With the development of Big Data technologies, more companies, institutions and universities are turning to Hadoop data processing framework for their data solution.
Hadoop becomes a preferred solution for many institutions because of its linear scalability, affordability, versatility and strong community support.
Big data implementation in Indonesia is still not as fast as expected. This could be attributed to some factors, such as:
Special Skills Needed
Although Hadoop has a very complete supporting ecosystems, to implement a Hadoop-based system that fits the needs required relatively deep expertise in terms of installation, configuration and monitoring of each of these components.
Professional Support Relatively Expensive and Limited
The absence of local support for Hadoop implementations often result in less cost effective solutions, especially for the enterprise level. Since professional support must be obtained from overseas provider. The support provided is often limited, such as by email or call, due to time and distance constraints.
To answer the above problems, SOLUSI247 as one of the leading Big Data implementor in Indonesia launched a Hadoop distribution package or distro named Yava Hadoop. These distribution is developed by local experts, and will be supported by idBigData, the big data community in Indonesia.
Data Store and Resource Manager
Reliability and linear scalability of HDFS provides storage for data with a variety of formats. Providing a broad selection of solutions based on the needs and available resources by supporting both commodity servers and high-level servers. YARN cluster management system enables various processes running on top of HDFS.
With the support from YARN cluster management, Yava provides a wide range of data access and processing capabilities: batch, streaming, interactive and real time in a single cluster.
MapReduce for batch processing, Phoenix, Hive and Tez for SQL based processing, scripting with Pig, HBase for NoSQL, searching with Solr, streaming with Storm, Spark for in memory process, and Mahout for data mining and machine learning. Yarn resource manager allows a cluster to fulfill different processing needs, avoiding costly and inconvenient redundancy of data.

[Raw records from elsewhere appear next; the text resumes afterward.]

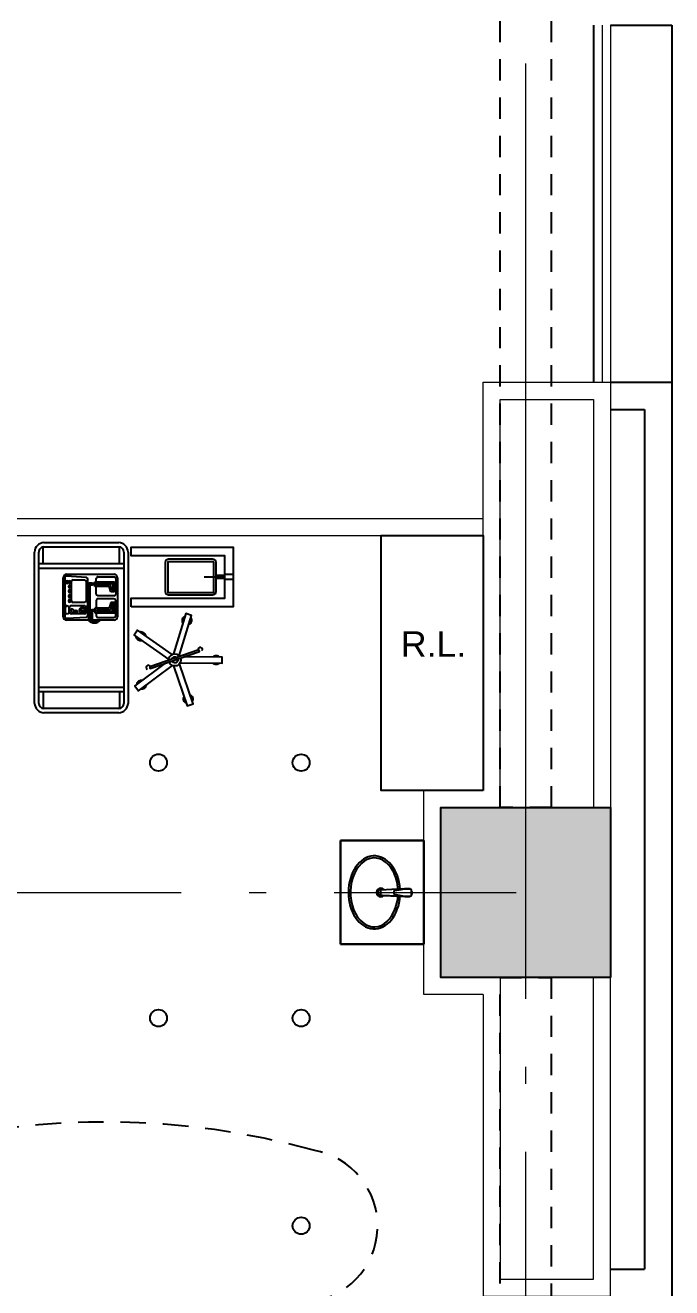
# Model space of a CAD drawing. Header units: metres. Extents: x -22 to 564, y 0 to 143.
# Drawn here: x 143.03 to 146.84, y 38.55 to 45.98 of the extents above; entities that cross this region are included whole.
import ezdxf
from ezdxf.enums import TextEntityAlignment as Align

# ---------------------------------------------------------------- set-up
doc = ezdxf.new("R2010")
doc.units = ezdxf.units.M
for name, pattern in [('EJES630', [6.3, 5.5, -0.4, 0, -0.4]), ('XREF 1N NEURO-ONCOLOGIA$0$HIDDE150', [0.24, 0.15, -0.09]), ('XREF 1N NEURO-ONCOLOGIA$0$HIDDEN2', [0.1875, 0.125, -0.0625])]:
    doc.linetypes.add(name, pattern=pattern)
for name, color, linetype, lineweight in [('EJES', 11, 'EJES630', 0), ('XREF 1N NEURO-ONCOLOGIA$0$HERRERIAS', 1, 'Continuous', 18), ('XREF 1N NEURO-ONCOLOGIA$0$MUROS DE TABLAROCA', 150, 'Continuous', 13)]:
    doc.layers.add(name, color=color, linetype=linetype, lineweight=lineweight)
for name, color, linetype in [('TEXTO', 7, 'Continuous'), ('XREF 1N NEURO-ONCOLOGIA$0$-CG-M-WALL', 7, 'Continuous'), ('XREF 1N NEURO-ONCOLOGIA$0$COLUMNAS', 6, 'Continuous'), ('XREF 1N NEURO-ONCOLOGIA$0$CONTRAVENTEOS', 6, 'XREF 1N NEURO-ONCOLOGIA$0$HIDDEN2'), ('XREF 1N NEURO-ONCOLOGIA$0$LAMPARAS 1', 112, 'Continuous'), ('XREF 1N NEURO-ONCOLOGIA$0$MOBILIARIO', 161, 'Continuous'), ('XREF 1N NEURO-ONCOLOGIA$0$Mobiliario Fijo', 40, 'Continuous'), ('XREF 1N NEURO-ONCOLOGIA$0$MUROS BAJOS', 2, 'Continuous'), ('XREF 1N NEURO-ONCOLOGIA$0$NOVIDESA', 11, 'Continuous'), ('XREF 1N NEURO-ONCOLOGIA$0$PLAFONES', 20, 'XREF 1N NEURO-ONCOLOGIA$0$HIDDE150'), ('XREF 1N NEURO-ONCOLOGIA$0$TEX-MOB', 4, 'Continuous')]:
    doc.layers.add(name, color=color, linetype=linetype)
doc.styles.add('100 LOCALES 25', font='arial.ttf', dxfattribs={"height": 0.25})
doc.styles.add('XREF 1N NEURO-ONCOLOGIA$0$HANDLET', font='romans.shx')

# ---------------------------------------------------------------- blocks, each defined once
blk = doc.blocks.new('XREF 1N NEURO-ONCOLOGIA$0$A$Cd5227eae')
for p, q in [((0.05, 0.375), (0.05, 0.4746)), ((0.055, 0.5), (0.495, 0.5)), ((0.055, 0.475), (0.495, 0.475)), ((0.5, 0.375), (0.5, 0.475)), ((0, -0.445), (0, 0.445)), ((0.025, -0.445), (0.025, 0.445)), ((0.525, 0.375), (0.025, 0.375)), ((0.525, 0.445), (0.525, -0.445)), ((0.55, 0.445), (0.55, -0.445)), ((0.525, 0.35), (0.025, 0.35)), ((0.0623, -0.2939), (0.0623, -0.0639)), ((0.0728, -0.069), (0.0728, -0.1599)), ((0.0823, -0.0439), (0.2234, -0.0439)), ((0.1772, -0.059), (0.0828, -0.059)), ((0.1872, -0.0873), (0.1872, -0.069)), ((0.2186, -0.0457), (0.2099, -0.047)), ((0.2186, -0.0508), (0.2099, -0.0521)), ((0.2186, -0.0559), (0.2099, -0.0572)), ((0.2186, -0.061), (0.2099, -0.0622)), ((0.2186, -0.0661), (0.2099, -0.0673)), ((0.2186, -0.0711), (0.2099, -0.0724)), ((0.2326, -0.0481), (0.2239, -0.0494)), ((0.2326, -0.0532), (0.2239, -0.0545)), ((0.2326, -0.0583), (0.2239, -0.0596)), ((0.2326, -0.0634), (0.2239, -0.0646)), ((0.2326, -0.0684), (0.2239, -0.0697)), ((0.2326, -0.0735), (0.2239, -0.0748)), ((0.2334, -0.0439), (0.3623, -0.0439)), ((0.236, -0.0717), (0.236, -0.2849)), ((0.3612, -0.0551), (0.2449, -0.0617)), ((0.3723, -0.2928), (0.3723, -0.0651)), ((0.3823, -0.0639), (0.3823, -0.2939)), ((0.0805, -0.0873), (0.0805, -0.1473)), ((0.1963, -0.0873), (0.0805, -0.0873)), ((0.0805, -0.1473), (0.1021, -0.1473)), ((0.0826, -0.0893), (0.0826, -0.1453)), ((0.1946, -0.0893), (0.0826, -0.0893)), ((0.0826, -0.1453), (0.1006, -0.1453)), ((0.0905, -0.0973), (0.0905, -0.1373)), ((0.1863, -0.0973), (0.0905, -0.0973)), ((0.0905, -0.1373), (0.0946, -0.1373)), ((0.0946, -0.1373), (0.1041, -0.1056)), ((0.1006, -0.1453), (0.1103, -0.1139)), ((0.1021, -0.1473), (0.1115, -0.1156)), ((0.1041, -0.1056), (0.1863, -0.1056)), ((0.1103, -0.1139), (0.1946, -0.1139)), ((0.1115, -0.1156), (0.1963, -0.1156)), ((0.1863, -0.1056), (0.1863, -0.0973)), ((0.1872, -0.1599), (0.1872, -0.1156)), ((0.1946, -0.1139), (0.1946, -0.0893)), ((0.1963, -0.1156), (0.1963, -0.0873)), ((0.1963, -0.0936), (0.1963, -0.1093)), ((0.1987, -0.0936), (0.1963, -0.0936)), ((0.1963, -0.1093), (0.1987, -0.1093)), ((0.1987, -0.1093), (0.1987, -0.0936)), ((0.1987, -0.0971), (0.2049, -0.0971)), ((0.1987, -0.1058), (0.2105, -0.1058)), ((0.2186, -0.0762), (0.2099, -0.0775)), ((0.2186, -0.0813), (0.2099, -0.0826)), ((0.2186, -0.0864), (0.2099, -0.0876)), ((0.2186, -0.0915), (0.2099, -0.0927)), ((0.2326, -0.0786), (0.2239, -0.0799)), ((0.2326, -0.0837), (0.2239, -0.085)), ((0.2326, -0.0888), (0.2239, -0.09)), ((0.2326, -0.0939), (0.2239, -0.0951)), ((0.2326, -0.0989), (0.2239, -0.1002)), ((0.2326, -0.104), (0.2239, -0.1053)), ((0.2326, -0.1091), (0.2239, -0.1104)), ((0.2326, -0.1142), (0.2239, -0.1155)), ((0.2326, -0.1193), (0.2239, -0.1205)), ((0.2326, -0.1244), (0.2239, -0.1256)), ((0.2326, -0.1294), (0.2239, -0.1307)), ((0.2326, -0.1345), (0.2239, -0.1358)), ((0.2326, -0.1396), (0.2239, -0.1409)), ((0.2326, -0.1447), (0.2239, -0.1459)), ((0.2467, -0.1198), (0.2467, -0.0905)), ((0.2567, -0.0805), (0.3338, -0.0805)), ((0.3338, -0.1298), (0.2567, -0.1298)), ((0.2567, -0.1484), (0.3237, -0.1484)), ((0.2815, -0.1083), (0.2601, -0.0995)), ((0.2823, -0.1064), (0.2609, -0.0976)), ((0.3438, -0.0905), (0.3438, -0.1198)), ((0.3491, -0.1208), (0.3491, -0.0895)), ((0.3581, -0.0805), (0.3587, -0.0805)), ((0.3587, -0.1298), (0.3581, -0.1298)), ((0.3677, -0.0895), (0.3677, -0.1208)), ((0.0728, -0.2888), (0.0728, -0.1979)), ((0.0805, -0.2705), (0.0805, -0.2105)), ((0.0805, -0.2105), (0.1021, -0.2105)), ((0.0826, -0.2685), (0.0826, -0.2125)), ((0.0826, -0.2125), (0.1006, -0.2125)), ((0.0828, -0.1699), (0.1772, -0.1699)), ((0.0828, -0.1879), (0.1772, -0.1879)), ((0.0905, -0.2605), (0.0905, -0.2205)), ((0.0905, -0.2205), (0.0946, -0.2205)), ((0.0946, -0.2205), (0.1041, -0.2522)), ((0.1006, -0.2125), (0.1103, -0.2439)), ((0.1021, -0.2105), (0.1115, -0.2422)), ((0.1872, -0.1979), (0.1872, -0.2422)), ((0.2326, -0.1498), (0.2239, -0.151)), ((0.2326, -0.1548), (0.2239, -0.1561)), ((0.2326, -0.1599), (0.2239, -0.1612)), ((0.2326, -0.165), (0.2239, -0.1663)), ((0.2326, -0.1701), (0.2239, -0.1714)), ((0.2326, -0.1752), (0.2239, -0.1764)), ((0.2326, -0.1803), (0.2239, -0.1815)), ((0.2326, -0.1853), (0.2239, -0.1866)), ((0.2326, -0.1904), (0.2239, -0.1917)), ((0.2326, -0.1955), (0.2239, -0.1968)), ((0.2326, -0.2006), (0.2239, -0.2019)), ((0.2326, -0.2057), (0.2239, -0.2069)), ((0.2326, -0.2107), (0.2239, -0.212)), ((0.2326, -0.2158), (0.2239, -0.2171)), ((0.2326, -0.2209), (0.2239, -0.2222)), ((0.2467, -0.2711), (0.2467, -0.1584)), ((0.3337, -0.1584), (0.3337, -0.2711)), ((0.1963, -0.2705), (0.0805, -0.2705)), ((0.1946, -0.2685), (0.0826, -0.2685)), ((0.1863, -0.2605), (0.0905, -0.2605)), ((0.1041, -0.2522), (0.1863, -0.2522)), ((0.1103, -0.2439), (0.1946, -0.2439)), ((0.1115, -0.2422), (0.1963, -0.2422)), ((0.1863, -0.2522), (0.1863, -0.2605)), ((0.1872, -0.2705), (0.1872, -0.2888)), ((0.1946, -0.2439), (0.1946, -0.2685)), ((0.1963, -0.2422), (0.1963, -0.2705)), ((0.1963, -0.2485), (0.1963, -0.2642)), ((0.1987, -0.2485), (0.1963, -0.2485)), ((0.1963, -0.2642), (0.1987, -0.2642)), ((0.1987, -0.2642), (0.1987, -0.2485)), ((0.1987, -0.252), (0.2092, -0.252)), ((0.1987, -0.2607), (0.2105, -0.2607)), ((0.2105, -0.2607), (0.2092, -0.252)), ((0.2156, -0.2607), (0.2143, -0.252)), ((0.2207, -0.2607), (0.2194, -0.252)), ((0.2326, -0.226), (0.2239, -0.2273)), ((0.2326, -0.2311), (0.2239, -0.2323)), ((0.2326, -0.2362), (0.2239, -0.2374)), ((0.2326, -0.2412), (0.2239, -0.2425)), ((0.2326, -0.2463), (0.2239, -0.2476)), ((0.2257, -0.2607), (0.2245, -0.252)), ((0.2308, -0.2607), (0.2296, -0.252)), ((0.2449, -0.2949), (0.3623, -0.3028)), ((0.3237, -0.2811), (0.2567, -0.2811)), ((0.525, -0.35), (0.025, -0.35)), ((0.3623, -0.3139), (0.0823, -0.3139)), ((0.1772, -0.2988), (0.0828, -0.2988)), ((0.025, -0.375), (0.525, -0.375)), ((0.05, -0.375), (0.05, -0.475)), ((0.5, -0.375), (0.5, -0.475)), ((0.495, -0.475), (0.055, -0.475)), ((0.495, -0.5), (0.055, -0.5))]:
    blk.add_line(p, q)
blk.add_circle((0.271, -0.1031), 0.0142)
for centre, radius, start, end in [((0.055, 0.445), 0.055, 90, 180), ((0.055, 0.445), 0.03, 90, 180), ((0.495, 0.445), 0.055, 0, 90), ((0.495, 0.445), 0.03, 0, 90), ((0.495, 0.445), 0.03, 0, 90), ((0.0823, -0.0639), 0.02, 90, 180), ((0.0828, -0.069), 0.01, 90, 180), ((0.1981, -0.076), 0.0477, 43.75531, 137.65966), ((0.199, -0.0726), 0.0377, 48.78092, 130.26383), ((0.1772, -0.069), 0.01, 0, 90), ((0.2118, -0.0445), 0.00318, 169.97079, 233.1301), ((0.2118, -0.0495), 0.00318, 126.8699, 233.1301), ((0.2118, -0.0546), 0.00318, 126.8699, 233.1301), ((0.2118, -0.0597), 0.00318, 126.8699, 233.1301), ((0.2118, -0.0648), 0.00318, 126.8699, 233.1301), ((0.2118, -0.0699), 0.00318, 126.8699, 233.1301), ((0.2118, -0.0749), 0.00318, 126.8699, 233.1301), ((0.2167, -0.0432), 0.00318, 306.8699, 346.94715), ((0.2167, -0.0483), 0.00318, 306.8699, 53.13011), ((0.2167, -0.0533), 0.00318, 306.8699, 53.1301), ((0.2167, -0.0584), 0.00318, 306.8699, 53.13011), ((0.2167, -0.0635), 0.00318, 306.8699, 53.13011), ((0.2167, -0.0686), 0.00318, 306.8699, 53.1301), ((0.2167, -0.0737), 0.00318, 306.8699, 53.13011), ((0.2258, -0.0469), 0.00318, 126.8699, 233.1301), ((0.2258, -0.0519), 0.00318, 126.8699, 233.1301), ((0.2258, -0.057), 0.00318, 126.8699, 233.1301), ((0.2258, -0.0621), 0.00318, 126.8699, 233.1301), ((0.2258, -0.0672), 0.00318, 126.8699, 233.1301), ((0.2258, -0.0723), 0.00318, 126.8699, 233.1301), ((0.2307, -0.0456), 0.00318, 306.8699, 53.1301), ((0.2307, -0.0507), 0.00318, 306.8699, 53.13011), ((0.2307, -0.0557), 0.00318, 306.8699, 53.1301), ((0.2307, -0.0608), 0.00318, 306.8699, 53.13011), ((0.2307, -0.0659), 0.00318, 306.8699, 53.13011), ((0.2307, -0.071), 0.00318, 306.8699, 53.1301), ((0.2307, -0.0761), 0.00318, 306.8699, 53.13011), ((0.246, -0.0717), 0.01, 96.34019, 180), ((0.3623, -0.0651), 0.01, 0, 96.34019), ((0.3623, -0.0639), 0.02, 0, 90), ((0.2044, -0.0915), 0.00557, 265.16623, 347.73161), ((0.2118, -0.08), 0.00318, 126.8699, 233.1301), ((0.2118, -0.0851), 0.00318, 126.8699, 233.1301), ((0.2118, -0.0902), 0.00318, 126.8699, 233.1301), ((0.2078, -0.0948), 0.0113, 283.56273, 17.4393), ((0.2167, -0.0788), 0.00318, 306.8699, 53.13011), ((0.2167, -0.0838), 0.00318, 306.8699, 53.1301), ((0.2167, -0.0889), 0.00318, 306.8699, 53.13011), ((0.2258, -0.0773), 0.00318, 126.8699, 233.1301), ((0.2258, -0.0824), 0.00318, 126.8699, 233.1301), ((0.2258, -0.0875), 0.00318, 126.8699, 233.1301), ((0.2258, -0.0926), 0.00318, 126.8699, 233.1301), ((0.2258, -0.0977), 0.00318, 126.8699, 233.1301), ((0.2258, -0.1028), 0.00318, 126.8699, 233.1301), ((0.2258, -0.1078), 0.00318, 126.8699, 233.1301), ((0.2258, -0.1129), 0.00318, 126.8699, 233.1301), ((0.2258, -0.118), 0.00318, 126.8699, 233.1301), ((0.2258, -0.1231), 0.00318, 126.8699, 233.1301), ((0.2258, -0.1282), 0.00318, 126.8699, 233.1301), ((0.2258, -0.1332), 0.00318, 126.8699, 233.1301), ((0.2258, -0.1383), 0.00318, 126.8699, 233.1301), ((0.2258, -0.1434), 0.00318, 126.8699, 233.1301), ((0.2258, -0.1485), 0.00318, 126.8699, 233.1301), ((0.2307, -0.0812), 0.00318, 306.8699, 53.13011), ((0.2307, -0.0862), 0.00318, 306.8699, 53.1301), ((0.2307, -0.0913), 0.00318, 306.8699, 53.13011), ((0.2307, -0.0964), 0.00318, 306.8699, 53.13011), ((0.2307, -0.1015), 0.00318, 306.8699, 53.1301), ((0.2307, -0.1066), 0.00318, 306.8699, 53.13011), ((0.2307, -0.1116), 0.00318, 306.8699, 53.13011), ((0.2307, -0.1167), 0.00318, 306.8699, 53.1301), ((0.2307, -0.1218), 0.00318, 306.8699, 53.13011), ((0.2307, -0.1269), 0.00318, 306.8699, 53.13011), ((0.2307, -0.132), 0.00318, 306.8699, 53.1301), ((0.2307, -0.1371), 0.00318, 306.8699, 53.13011), ((0.2307, -0.1421), 0.00318, 306.8699, 53.13011), ((0.2307, -0.1472), 0.00318, 306.8699, 53.1301), ((0.2567, -0.0905), 0.01, 90, 180), ((0.2567, -0.1198), 0.01, 180, 270), ((0.2567, -0.1584), 0.01, 90, 180), ((0.2676, -0.1031), 0.016, 53.82594, 306.17406), ((0.2605, -0.0986), 0.00103, 67.71275, 247.71275), ((0.2819, -0.1073), 0.00103, 247.71275, 67.71275), ((0.3237, -0.1584), 0.01, 0, 90), ((0.3338, -0.0905), 0.01, 0, 90), ((0.3338, -0.1198), 0.01, 270, 0), ((0.3581, -0.0895), 0.009, 90, 180), ((0.3581, -0.1208), 0.009, 180, 270), ((0.3587, -0.0895), 0.009, 0, 90), ((0.3587, -0.1208), 0.009, 270, 0), ((0.0828, -0.1599), 0.01, 180, 270), ((0.0828, -0.1979), 0.01, 90, 180), ((0.1772, -0.1599), 0.01, 270, 0), ((0.1772, -0.1979), 0.01, 0, 90), ((0.2258, -0.1536), 0.00318, 126.8699, 233.1301), ((0.2258, -0.1587), 0.00318, 126.8699, 233.1301), ((0.2258, -0.1637), 0.00318, 126.8699, 233.1301), ((0.2258, -0.1688), 0.00318, 126.8699, 233.1301), ((0.2258, -0.1739), 0.00318, 126.8699, 233.1301), ((0.2258, -0.179), 0.00318, 126.8699, 233.1301), ((0.2258, -0.1841), 0.00318, 126.8699, 233.1301), ((0.2258, -0.1891), 0.00318, 126.8699, 233.1301), ((0.2258, -0.1942), 0.00318, 126.8699, 233.1301), ((0.2258, -0.1993), 0.00318, 126.8699, 233.1301), ((0.2258, -0.2044), 0.00318, 126.8699, 233.1301), ((0.2258, -0.2095), 0.00318, 126.8699, 233.1301), ((0.2258, -0.2146), 0.00318, 126.8699, 233.1301), ((0.2258, -0.2196), 0.00318, 126.8699, 233.1301), ((0.2258, -0.2247), 0.00318, 126.8699, 233.1301), ((0.2307, -0.1523), 0.00318, 306.8699, 53.13011), ((0.2307, -0.1574), 0.00318, 306.8699, 53.13011), ((0.2307, -0.1625), 0.00318, 306.8699, 53.1301), ((0.2307, -0.1675), 0.00318, 306.8699, 53.13011), ((0.2307, -0.1726), 0.00318, 306.8699, 53.13011), ((0.2307, -0.1777), 0.00318, 306.8699, 53.1301), ((0.2307, -0.1828), 0.00318, 306.8699, 53.13011), ((0.2307, -0.1879), 0.00318, 306.8699, 53.13011), ((0.2307, -0.193), 0.00318, 306.8699, 53.1301), ((0.2307, -0.198), 0.00318, 306.8699, 53.13011), ((0.2307, -0.2031), 0.00318, 306.8699, 53.13011), ((0.2307, -0.2082), 0.00318, 306.8699, 53.1301), ((0.2307, -0.2133), 0.00318, 306.8699, 53.13011), ((0.2307, -0.2184), 0.00318, 306.8699, 53.13011), ((0.2307, -0.2234), 0.00318, 306.8699, 53.1301), ((0.0823, -0.2939), 0.02, 180, 270), ((0.0828, -0.2888), 0.01, 180, 270), ((0.1772, -0.2888), 0.01, 270, 0), ((0.2117, -0.2538), 0.00304, 27.28714, 143.50261), ((0.213, -0.2595), 0.00282, 205.63373, 334.36627), ((0.2168, -0.2539), 0.00318, 36.8699, 143.1301), ((0.2181, -0.2588), 0.00318, 216.8699, 323.13011), ((0.2219, -0.254), 0.00325, 38.54155, 141.45845), ((0.2232, -0.2595), 0.00282, 205.63373, 334.36626), ((0.2258, -0.2298), 0.00318, 126.8699, 233.1301), ((0.2258, -0.2349), 0.00318, 126.8699, 233.1301), ((0.2258, -0.24), 0.00318, 126.8699, 233.1301), ((0.2258, -0.245), 0.00318, 126.8699, 233.1301), ((0.2221, -0.2501), 0.00303, 321.15243, 54.81757), ((0.227, -0.2539), 0.00318, 36.8699, 143.1301), ((0.2283, -0.2588), 0.00318, 216.8699, 323.13011), ((0.2138, -0.2513), 0.0194, 331.09275, 14.84687), ((0.2307, -0.2285), 0.00318, 306.8699, 53.13011), ((0.2307, -0.2336), 0.00318, 306.8699, 53.13011), ((0.2307, -0.2387), 0.00318, 306.8699, 53.1301), ((0.2307, -0.2438), 0.00318, 306.8699, 53.13011), ((0.246, -0.2849), 0.01, 180, 263.65981), ((0.2567, -0.2711), 0.01, 180, 270), ((0.3237, -0.2711), 0.01, 270, 0), ((0.3623, -0.2928), 0.01, 270, 0), ((0.3623, -0.2939), 0.02, 270, 0), ((0.055, -0.445), 0.055, 180, 270), ((0.055, -0.445), 0.03, 180, 270), ((0.495, -0.445), 0.055, 270, 0), ((0.495, -0.445), 0.03, 270, 0)]:
    blk.add_arc(centre, radius, start, end)
at = {"extrusion": (0, 0, -1)}
for centre, major_axis, ratio, start_param, end_param in [((0.304, -0.0945), (-0.00411, 0.00713), 0.581852, 3.071382, 6.44697), ((0.305, -0.094), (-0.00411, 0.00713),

Apache Sqoop allows effective data transfer between Hadoop and structured data sources such as Teradata, Netezza, Oracle, MySQL, Postgres and HSQLDB.
Apache Flume is used for streaming large amounts of data into HDFS, for example, logs from the production machine or network. Flume provides simple and flexible architecture, with reliable failover and recovery mechanisms.
Apache Ambari is a framework for provisioning, managing and monitoring Apache Hadoop cluster. Ambari provides a simple and elegant user interface. It can be integrated with existing operational tools, such as Microsoft System Center and Teradata Viewpoint.
Apache Zookeeper™ provides a distributed configuration, synchronization, and naming registry for distributed systems. Zookeeper is used to store and manage critical changes in configurations.
Apache Oozie provides the tools for workflow scheduling to manage jobs in Enterprise Hadoop.
HGrid247 is a comprehensive ETL process designer. Hgrid247 ease of use and intuitive drag-and-drop interface simplify and reduce time and complexity of data integration. By eliminating Java or other programming for MapReduce, Spark, Storm and Tez jobs and scripts, HGrid247 empowers developers and designers to develop big data jobs using visual tools. This will speed up the work and increase team productivity, because ETL developers and designers can focus on the design of the process.